# Guess what we got in the mail today?!



## Cassie7 (Sep 16, 2007)

Hex! I've been wanting Hex for ages but we just couldn't afford him last season. Now he's sitting in our living room! I'm dancing with glee!

Here's Hex in action...


----------



## Bethene (Jan 19, 2008)

Yea, Cassie, lucky you! Happy,happy,joy, joy (that's me doing the happy dance with you LOL) He's awesome!!


----------



## slightlymad (May 25, 2006)

Ah nothing like a fresh ghoulish prop especially on the cheap congrates on your new family member


----------



## Haunted Bayou (Feb 16, 2007)

Wow Cassie, you are getting all kinds of kewl stuff.
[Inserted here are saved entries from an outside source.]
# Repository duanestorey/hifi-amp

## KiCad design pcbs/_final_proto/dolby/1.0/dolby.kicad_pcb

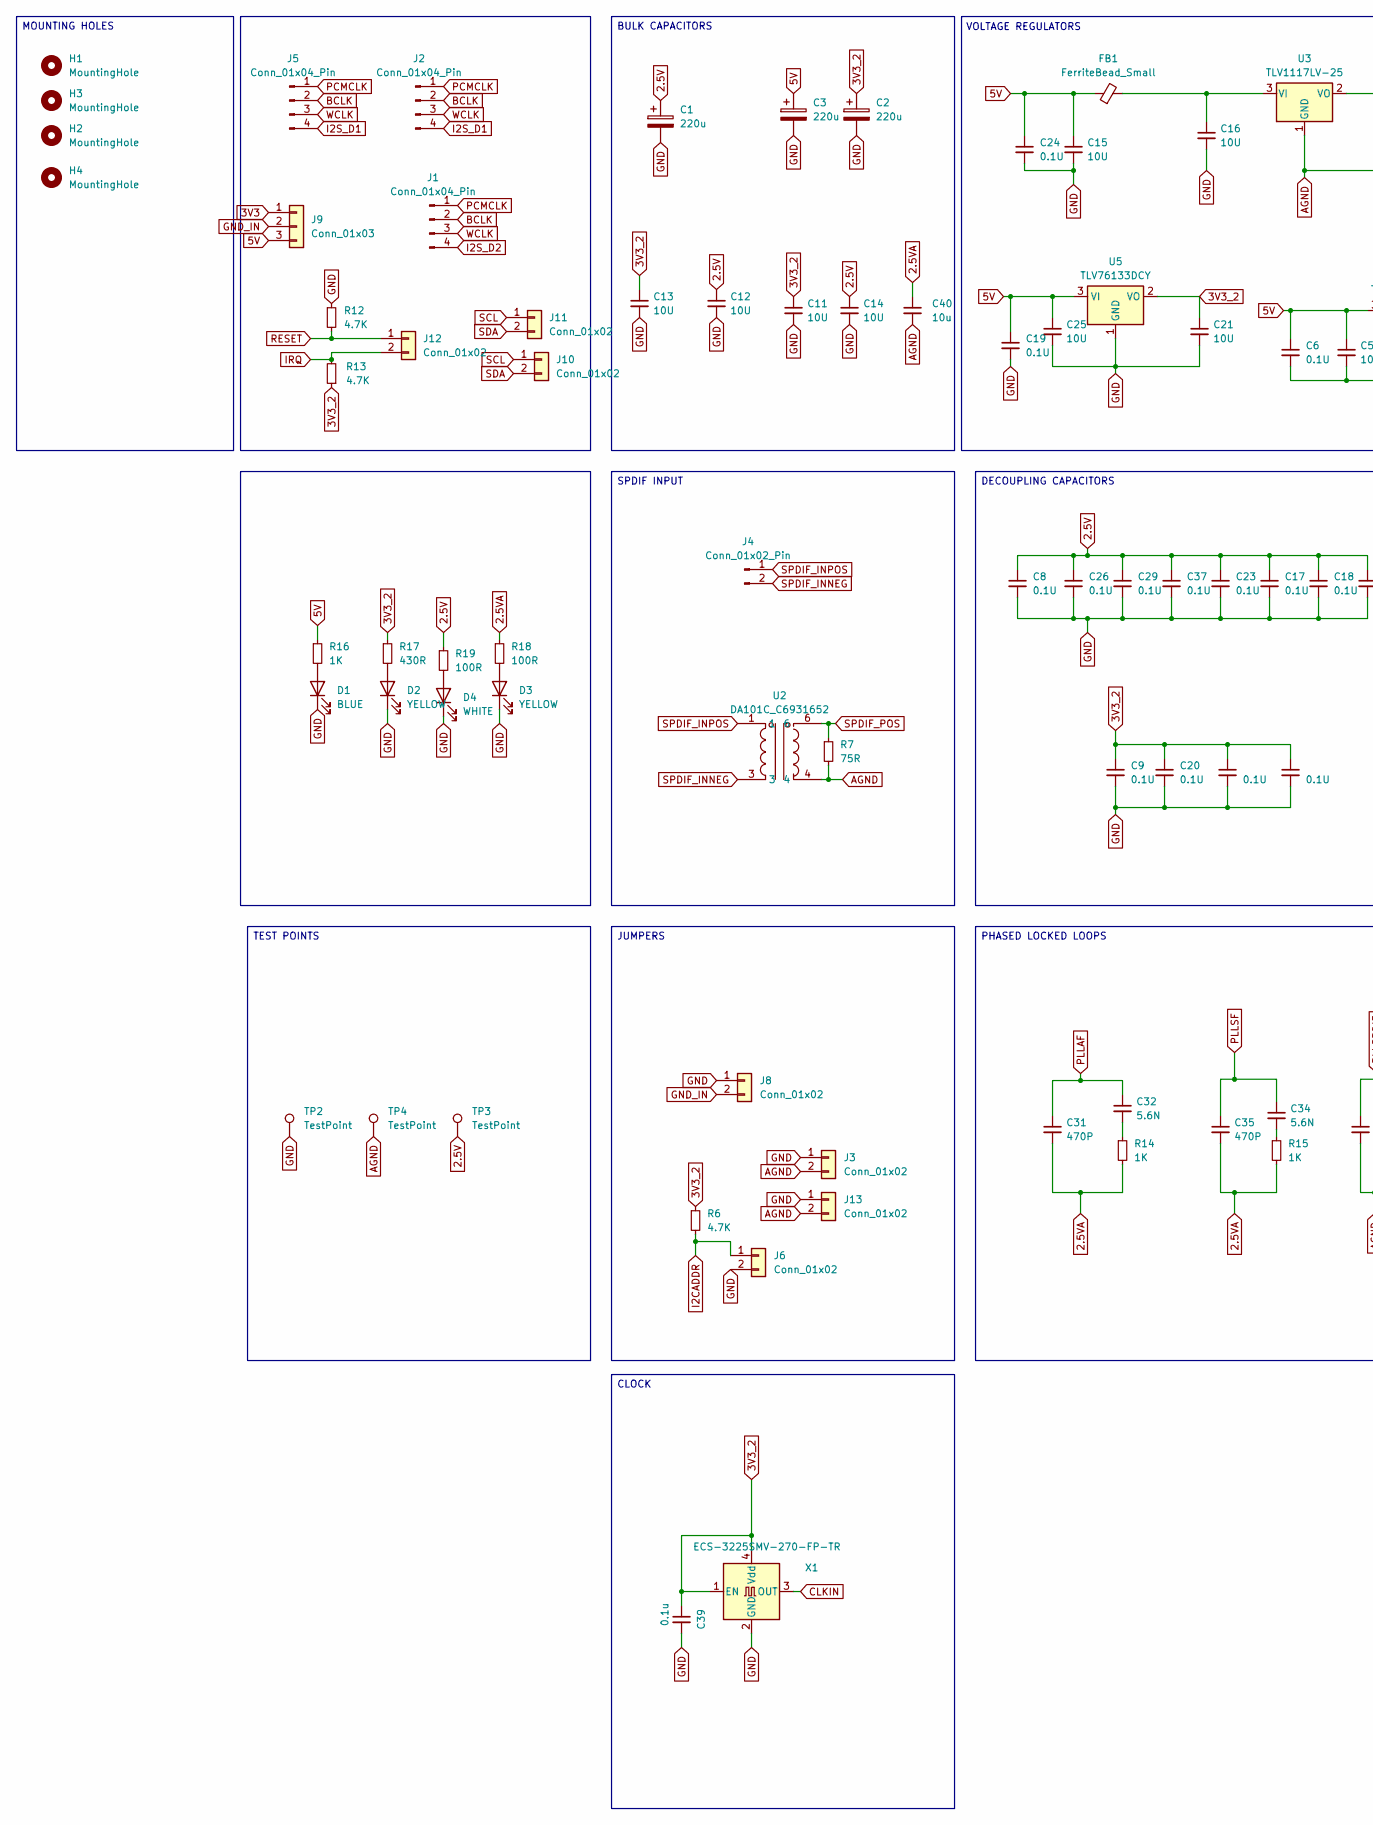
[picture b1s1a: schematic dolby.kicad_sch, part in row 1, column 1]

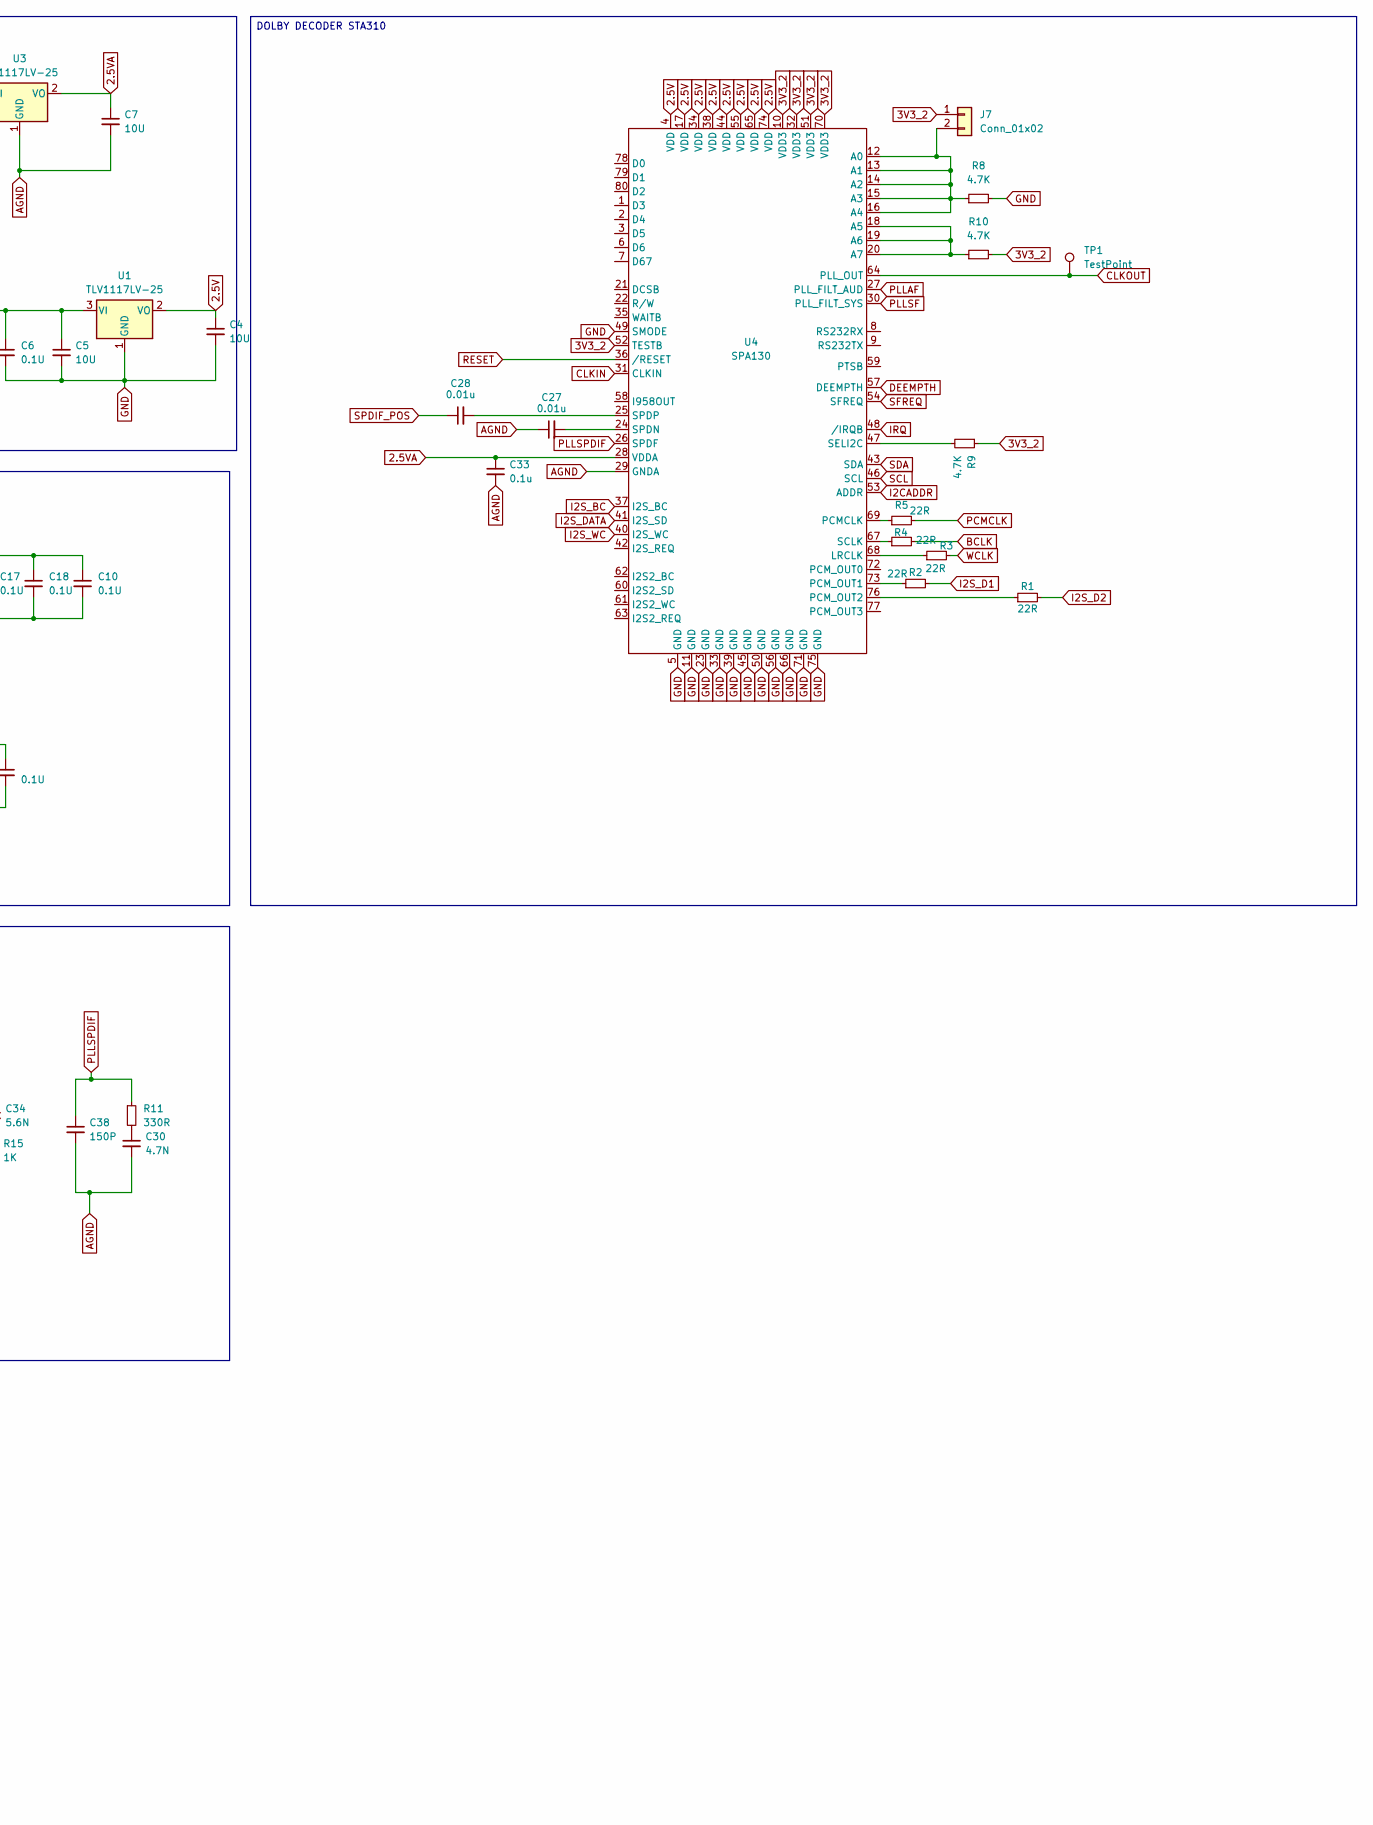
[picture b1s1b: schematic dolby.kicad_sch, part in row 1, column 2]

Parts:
C1, C2, C3: 220u; CP_Radial_D6.3mm_P2.50mm
C4, C5, C7, C11, C12, C13, C14, C15, C16, C21, C25: 10U; C_1206_3216Metric_Pad1.33x1.80mm_HandSolder
C6, C8, C9, C10, C17, C18, C19, C20, C22, C23, C24, C26, C29, C36, C37: 0.1U; C_0805_2012Metric_Pad1.18x1.45mm_HandSolder
C27, C28: 0.01u; C_0805_2012Metric_Pad1.18x1.45mm_HandSolder
C30: 4.7N; C_0805_2012Metric_Pad1.18x1.45mm_HandSolder
C31, C35: 470P; C_0805_2012Metric_Pad1.18x1.45mm_HandSolder
C32, C34: 5.6N; C_0805_2012Metric_Pad1.18x1.45mm_HandSolder
C33, C39: 0.1u; C_0805_2012Metric_Pad1.18x1.45mm_HandSolder
C38: 150P; C_0805_2012Metric_Pad1.18x1.45mm_HandSolder
C40: 10u; C_1206_3216Metric_Pad1.33x1.80mm_HandSolder
D1: BLUE; LED_0805_2012Metric_Pad1.15x1.40mm_HandSolder
D2, D3: YELLOW; LED_0805_2012Metric_Pad1.15x1.40mm_HandSolder
D4: WHITE; LED_0805_2012Metric_Pad1.15x1.40mm_HandSolder
FB1: FerriteBead_Small; R_0603_1608Metric_Pad0.98x0.95mm_HandSolder
H1, H2, H3, H4: MountingHole; MountingHole_3.2mm_M3_DIN965_Pad_TopBottom
J1, J2: Conn_01x04_Pin; JST_PH_B4B-PH-K_1x04_P2.00mm_Vertical
J3, J6, J7, J8, J13: Conn_01x02; PinHeader_1x02_P2.54mm_Vertical
J4: Conn_01x02_Pin; JST_XH_B2B-XH-A_1x02_P2.50mm_Vertical
J5: Conn_01x04_Pin; PinHeader_1x04_P2.54mm_Vertical
J9: Conn_01x03; JST_PH_B3B-PH-K_1x03_P2.00mm_Vertical
J10, J11, J12: Conn_01x02; JST_PH_B2B-PH-K_1x02_P2.00mm_Vertical
R1, R2, R3, R4, R5: 22R; R_0805_2012Metric_Pad1.20x1.40mm_HandSolder
R6, R8, R9, R10, R12, R13: 4.7K; R_0603_1608Metric_Pad0.98x0.95mm_HandSolder
R7: 75R; R_0805_2012Metric_Pad1.20x1.40mm_HandSolder
R11: 330R; R_0603_1608Metric_Pad0.98x0.95mm_HandSolder
R14, R15: 1K; R_0603_1608Metric_Pad0.98x0.95mm_HandSolder
R16: 1K; R_0805_2012Metric_Pad1.20x1.40mm_HandSolder
R17: 430R; R_0805_2012Metric_Pad1.20x1.40mm_HandSolder
R18, R19: 100R; R_0805_2012Metric_Pad1.20x1.40mm_HandSolder
TP1, TP2, TP3, TP4: TestPoint; TestPoint_THTPad_D2.0mm_Drill1.0mm
U1, U3: TLV1117LV-25; SOT-223-3_TabPin2
U2: DA101C_C6931652; XFMR-TH_4P-L9.5-W9.0-P5.08-LS10.2_C9900096976; LCSC Part C6931652
U4: SPA130; LQFP-80_14x14mm_P0.65mm
U5: TLV76133DCY; SOT-223-3_TabPin2
X1: ECS-3225SMV-270-FP-TR; Oscillator_SMD_EuroQuartz_XO32-4Pin_3.2x2.5mm_HandSoldering

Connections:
2.5V: C1.1, C4.1, C8.1, C10.1, C12.1, C14.1, C17.1, C18.1, C23.1, C26.1, C29.1, C37.1, R19.1, TP3.1, U1.2 (VO), U4.4 (VDD), U4.17 (VDD), U4.34 (VDD), U4.38 (VDD), U4.44 (VDD), U4.55 (VDD), U4.65 (VDD), U4.74 (VDD)
2.5VA: C7.1, C31.2, C33.1, C35.2, C40.1, R14.2, R15.2, R18.1, U3.2 (VO), U4.28 (VDDA)
3V3: J9.1
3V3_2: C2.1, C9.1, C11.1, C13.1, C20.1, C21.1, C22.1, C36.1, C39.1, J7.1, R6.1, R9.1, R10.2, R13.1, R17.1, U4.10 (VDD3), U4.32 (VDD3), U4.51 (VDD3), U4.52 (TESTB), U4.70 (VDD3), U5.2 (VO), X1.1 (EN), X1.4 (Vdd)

Must be like a Halloween type Christmas in the middle of Spring.


----------



## Lilly (Jun 13, 2006)

cool beans cass..
that thing is creepy


----------



## beelce (Jul 21, 2007)

Oh Yes Cassie....I can see why you wanted him


----------



## ScareShack (May 26, 2006)

very cool.....Hex sure is a crazy creepy prop.


----------



## Sickie Ickie (Jun 20, 2006)

Definitely coolish!


----------



## Bloodhound (Oct 16, 2007)

Congrats, Way Cool


----------



## Lady Nyxie (Aug 30, 2006)

Sweet child.


----------



## IshWitch (May 31, 2006)

My kind of gross!


----------